> [Entries shown]:

────────────────────

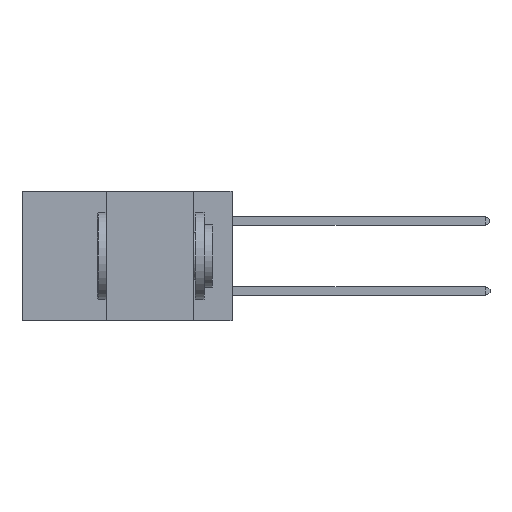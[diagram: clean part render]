
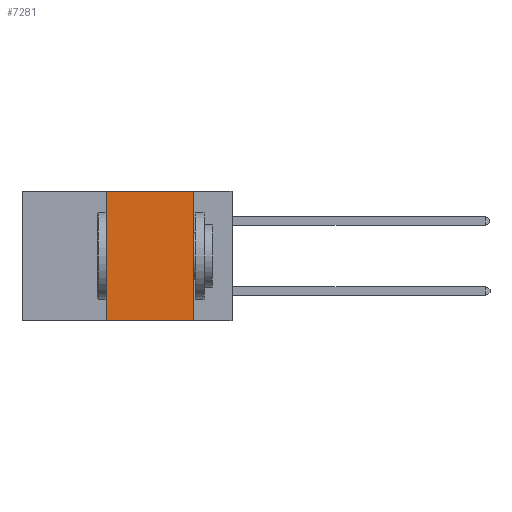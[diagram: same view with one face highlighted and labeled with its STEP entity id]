
A CAD part, left-side view. The second image highlights one B-rep face of the part: STEP entity #7281.
In plain terms, the highlighted planar face has unit normal (-1, 0, 0).
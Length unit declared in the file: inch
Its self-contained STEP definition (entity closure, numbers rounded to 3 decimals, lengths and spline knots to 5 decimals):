
#1384 = DIRECTION ( 'NONE',  ( 1., 0., 0. ) ) ;
#2300 = ORIENTED_EDGE ( 'NONE', *, *, #8498, .F. ) ;
#2420 = VERTEX_POINT ( 'NONE', #4215 ) ;
#2871 = LINE ( 'NONE', #17343, #6468 ) ;
#3511 = VECTOR ( 'NONE', #11842, 39.37008 ) ;
#4215 = CARTESIAN_POINT ( 'NONE',  ( 0., 0.36, 0. ) ) ;
#4472 = LINE ( 'NONE', #5634, #3511 ) ;
#4865 = CARTESIAN_POINT ( 'NONE',  ( 0., 0.11, 0. ) ) ;
#5634 = CARTESIAN_POINT ( 'NONE',  ( 0., 0.6, 0. ) ) ;
#5735 = CARTESIAN_POINT ( 'NONE',  ( 0., 0.36, 0. ) ) ;
#6376 = ORIENTED_EDGE ( 'NONE', *, *, #11112, .F. ) ;
#6468 = VECTOR ( 'NONE', #9678, 39.37008 ) ;
#7281 = ADVANCED_FACE ( 'NONE', ( #12974 ), #18240, .F. ) ;
#7704 = CARTESIAN_POINT ( 'NONE',  ( 0., 0.11, 0. ) ) ;
#7949 = LINE ( 'NONE', #7704, #15195 ) ;
#8498 = EDGE_CURVE ( 'NONE', #2420, #15626, #4472, .T. ) ;
#9153 = AXIS2_PLACEMENT_3D ( 'NONE', #19785, #1384, #12162 ) ;
#9226 = ORIENTED_EDGE ( 'NONE', *, *, #11901, .F. ) ;
#9661 = VECTOR ( 'NONE', #16479, 39.37008 ) ;
#9678 = DIRECTION ( 'NONE',  ( 0., -1., 0. ) ) ;
#10956 = CARTESIAN_POINT ( 'NONE',  ( 0., 0.11, -0.37 ) ) ;
#11112 = EDGE_CURVE ( 'NONE', #14375, #2420, #13318, .T. ) ;
#11662 = EDGE_LOOP ( 'NONE', ( #9226, #2300, #6376, #14087 ) ) ;
#11842 = DIRECTION ( 'NONE',  ( 0., -1., 0. ) ) ;
#11901 = EDGE_CURVE ( 'NONE', #15626, #11981, #7949, .T. ) ;
#11981 = VERTEX_POINT ( 'NONE', #10956 ) ;
#12162 = DIRECTION ( 'NONE',  ( 0., 0., -1. ) ) ;
#12974 = FACE_OUTER_BOUND ( 'NONE', #11662, .T. ) ;
#13318 = LINE ( 'NONE', #5735, #9661 ) ;
#13833 = EDGE_CURVE ( 'NONE', #14375, #11981, #2871, .T. ) ;
#14087 = ORIENTED_EDGE ( 'NONE', *, *, #13833, .T. ) ;
#14375 = VERTEX_POINT ( 'NONE', #18668 ) ;
#15195 = VECTOR ( 'NONE', #18473, 39.37008 ) ;
#15626 = VERTEX_POINT ( 'NONE', #4865 ) ;
#16479 = DIRECTION ( 'NONE',  ( 0., 0., 1. ) ) ;
#17343 = CARTESIAN_POINT ( 'NONE',  ( 0., 0.6, -0.37 ) ) ;
#18240 = PLANE ( 'NONE',  #9153 ) ;
#18473 = DIRECTION ( 'NONE',  ( 0., 0., -1. ) ) ;
#18668 = CARTESIAN_POINT ( 'NONE',  ( 0., 0.36, -0.37 ) ) ;
#19785 = CARTESIAN_POINT ( 'NONE',  ( 0., 0.6, 0. ) ) ;

────────────────────

> [Task goal]:
Search the entries for the word "DIRECTION", then gather every line that has it.

> [Result for this exercise]:
#1384 = DIRECTION ( 'NONE',  ( 1., 0., 0. ) ) ;
#9678 = DIRECTION ( 'NONE',  ( 0., -1., 0. ) ) ;
#11842 = DIRECTION ( 'NONE',  ( 0., -1., 0. ) ) ;
#12162 = DIRECTION ( 'NONE',  ( 0., 0., -1. ) ) ;
#16479 = DIRECTION ( 'NONE',  ( 0., 0., 1. ) ) ;
#18473 = DIRECTION ( 'NONE',  ( 0., 0., -1. ) ) ;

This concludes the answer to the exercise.